Вера ждала. Когда справа над бортом вырос прозрачный горб, она дважды ударила ножом, но слон не отступил, а лишь попытался охватить разящую руку, и сейчас же слева поднялся, загибаясь внутрь лодки, второй горб. Лодку положило на бок. Как ни странно, она выправилась, до половины залитая водой, и встала на ровный киль.
Вера бросила нож, и он булькнул на дно лодки. В воде, заливающей кокпит, покачивались щепки, мусор и всплывшая фляжка.
— Нет!.. — крикнул Питер.
Удар в днище.
Пробка не поддавалась плохо слушающимся пальцам — детским пальцам немолодой женщины, потрескавшимся, стертым, кровоточащим…
Удар.
— Не смей!
— Да! — крикнула Вера. — Да!
Еще удар.
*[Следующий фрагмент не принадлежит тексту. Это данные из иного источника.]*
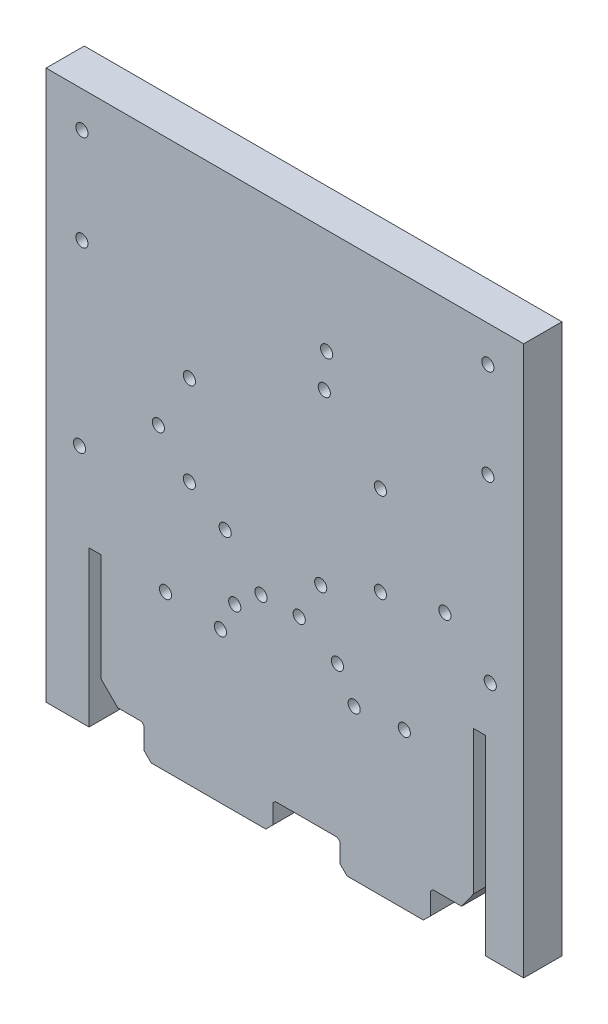
from build123d import *

# Parameters (mm, degrees)
BOARD_OUTLINE_DEPTH = 0.8
SKETCH2_R           = 0.127
NPTH_DEPTH          = 16.260733927


with BuildPart() as part:
    # Sketch1 → Board_Outline (new body)
    with BuildSketch(Plane.XY):
        Polygon((10, 0), (10, 11.5), (0, 11.5), (0, 0), (0.9, 0), (0.9, 3.25), (1.15, 3.25), (1.15, 1), (1.5, 0.65), (2, 0.65), (2.05, 0.6), (2.05, 0.15), (2.2, 0), (4.6, 0), (4.75, 0.15), (4.75, 0.55), (4.8, 0.6), (6.1, 0.6), (6.15, 0.55), (6.15, 0.15), (6.3, 0), (7.9, 0), (8.05, 0.15), (8.05, 0.6), (8.1, 0.65), (8.7, 0.65), (8.95, 1), (8.95, 4), (9.2, 4), (9.2, 0), align=None)
    extrude(amount=BOARD_OUTLINE_DEPTH)

    # Sketch2 → NPTH (cut, through all)
    with BuildSketch(Plane.XY):
        with Locations((4.5, 4.2)):
            Circle(SKETCH2_R)
        with Locations((5.875, 9.3)):
            Circle(SKETCH2_R)
        with Locations((5.3, 4.2)):
            Circle(SKETCH2_R)
        with Locations((5.825, 8.575)):
            Circle(SKETCH2_R)
        with Locations((7.5, 3.25)):
            Circle(SKETCH2_R)
        with Locations((2.5, 3.25)):
            Circle(SKETCH2_R)
        with Locations((3.75, 5)):
            Circle(SKETCH2_R)
        with Locations((5.75, 5)):
            Circle(SKETCH2_R)
        with Locations((7, 5.5)):
            Circle(SKETCH2_R)
        with Locations((3, 5.5)):
            Circle(SKETCH2_R)
        with Locations((3, 7.375)):
            Circle(SKETCH2_R)
        with Locations((7, 7.375)):
            Circle(SKETCH2_R)
        with Locations((9.25, 8.75)):
            Circle(SKETCH2_R)
        with Locations((0.75, 8.75)):
            Circle(SKETCH2_R)
        with Locations((9.25, 10.75)):
            Circle(SKETCH2_R)
        with Locations((0.75, 10.75)):
            Circle(SKETCH2_R)
        with Locations((9.3, 5)):
            Circle(SKETCH2_R)
        with Locations((0.7, 5)):
            Circle(SKETCH2_R)
        with Locations((3.95, 3.75)):
            Circle(SKETCH2_R)
        with Locations((8.35, 5.8)):
            Circle(SKETCH2_R)
        with Locations((6.1, 3.75)):
            Circle(SKETCH2_R)
        with Locations((3.65, 3.15)):
            Circle(SKETCH2_R)
        with Locations((6.45, 3.15)):
            Circle(SKETCH2_R)
        with Locations((2.35, 6.2)):
            Circle(SKETCH2_R)
    extrude(amount=NPTH_DEPTH, mode=Mode.SUBTRACT)


solid = part.part
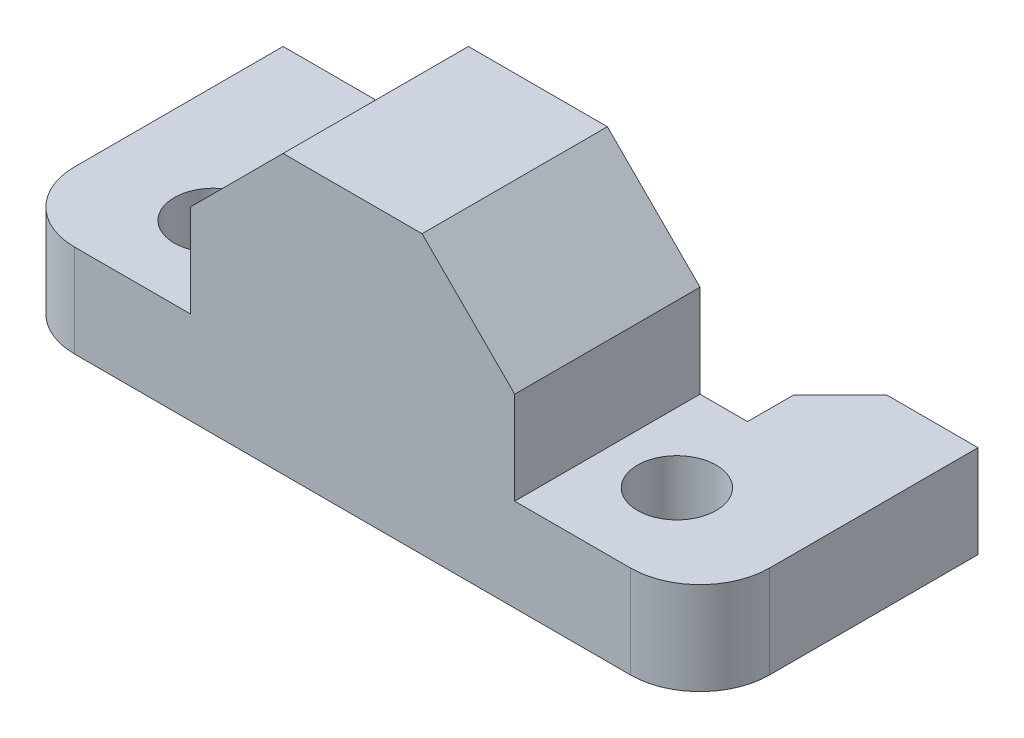
from build123d import *

# Parameters (mm, degrees)
SKETCH1_W           = 30
SKETCH1_H           = 8
SKETCH1_R           = 1.7
BOSS_EXTRUDE1_DEPTH = 4
FILLET1_R           = 3
SKETCH2_W           = 5.95
SKETCH2_H           = 4
BOSS_EXTRUDE2_DEPTH = 4
SKETCH3_W           = 14
SKETCH3_H           = 8
BOSS_EXTRUDE3_DEPTH = 8
CHAMFER1_SIZE       = 4
CHAMFER2_SIZE       = 2


with BuildPart() as part:
    # Sketch1 → Boss-Extrude1 (new body)
    with BuildSketch(Plane(origin=(0, 0, 0), x_dir=(1, 0, 0), z_dir=(0, 1, 0))):
        with Locations((10, 0)):
            Rectangle(SKETCH1_W, SKETCH1_H)
        with Locations(Location((0, 0, 0), (0, 0, 270))):
            Circle(SKETCH1_R, mode=Mode.SUBTRACT)
        with Locations(Location((20, 0, 0), (0, 0, 270))):
            Circle(SKETCH1_R, mode=Mode.SUBTRACT)
    extrude(amount=BOSS_EXTRUDE1_DEPTH)

    # Fillet1
    fillet1_edges = [part.edges().sort_by_distance(p)[0] for p in [
        (25, 2, 4),
        (-5, 2, 4),
    ]]
    fillet(fillet1_edges, radius=FILLET1_R)

    # Sketch2 → Boss-Extrude2 (add)
    with BuildSketch(Plane(origin=(0, 4, 0), x_dir=(1, 0, 0), z_dir=(0, 1, 0))):
        with Locations((-2.025, 6)):
            Rectangle(SKETCH2_W, SKETCH2_H)
        with Locations((22.025, 6)):
            Rectangle(SKETCH2_W, SKETCH2_H)
    extrude(amount=-BOSS_EXTRUDE2_DEPTH)

    # Sketch3 → Boss-Extrude3 (add)
    with BuildSketch(Plane(origin=(0, 4, 0), x_dir=(1, 0, 0), z_dir=(0, 1, 0))):
        with Locations((10, 0)):
            Rectangle(SKETCH3_W, SKETCH3_H)
    extrude(amount=BOSS_EXTRUDE3_DEPTH)

    # Chamfer1
    chamfer1_edges = [part.edges().sort_by_distance(p)[0] for p in [
        (17, 12, 0),
        (3, 12, 0),
    ]]
    chamfer(chamfer1_edges, length=CHAMFER1_SIZE)

    # Chamfer2
    chamfer2_edges = [part.edges().sort_by_distance(p)[0] for p in [
        (0.95, 2, -8),
        (19.05, 2, -8),
    ]]
    chamfer(chamfer2_edges, length=CHAMFER2_SIZE)


solid = part.part

Лодку подбросило и закружило волчком.
— Гад, пику выдернул… Мне!.. Я сам!
Отсюда, с высоты, лагерь казался совсем крошечным, но те, кто остались внизу, в нетерпеливом ожидании обратили кверху пятна лиц, превратившись в точки. Как муравьи, впавшие в летаргию с наступлением холодов. Их всех можно было прикрыть одной ладонью — защитить или раздавить неловким движением. Нельзя лишь было забыть об их существовании.
Краешек солнца оставался еще виден, а ярко-жгучая полоса уже пробежала по воде, поиграла на прибрежных камнях и, перемахнув частокол, залила гранит, на мгновение ослепив нестерпимой мертвенной зеленью. Стефан шепотом выругался. Когда-то этой серой скале давали поэтические прозвища — Порт Зеленого Луча, например, но название не прижилось, потому что придумали его взрослые. Еще того лучше — Берег Летящих Лепестков… Дня через два после посадки ветром с востока принесло кружащуюся тучу алых чешуек размером в ноготь, усеявших прибрежный гранит, — то ли взаправду лепестков неизвестных цветов, то ли сброшенных крылышек мигрирующих насекомых. Вряд ли у взрослых хватило времени и желания разобраться в природе явления — первая смерть посетила лагерь уже через неделю, — но зрелище алого вихря, наверное, было поистине феерическое. С тех пор оно ни разу не повторилось, мало-помалу начав забываться и обрастая фантастическими вымыслами. Стефан совсем не помнил его, сколько ни напрягал память, но раз уж в бортовом журнале рука Бруно Лоренца отметила необыкновенную красоту явления, значит, так оно и было.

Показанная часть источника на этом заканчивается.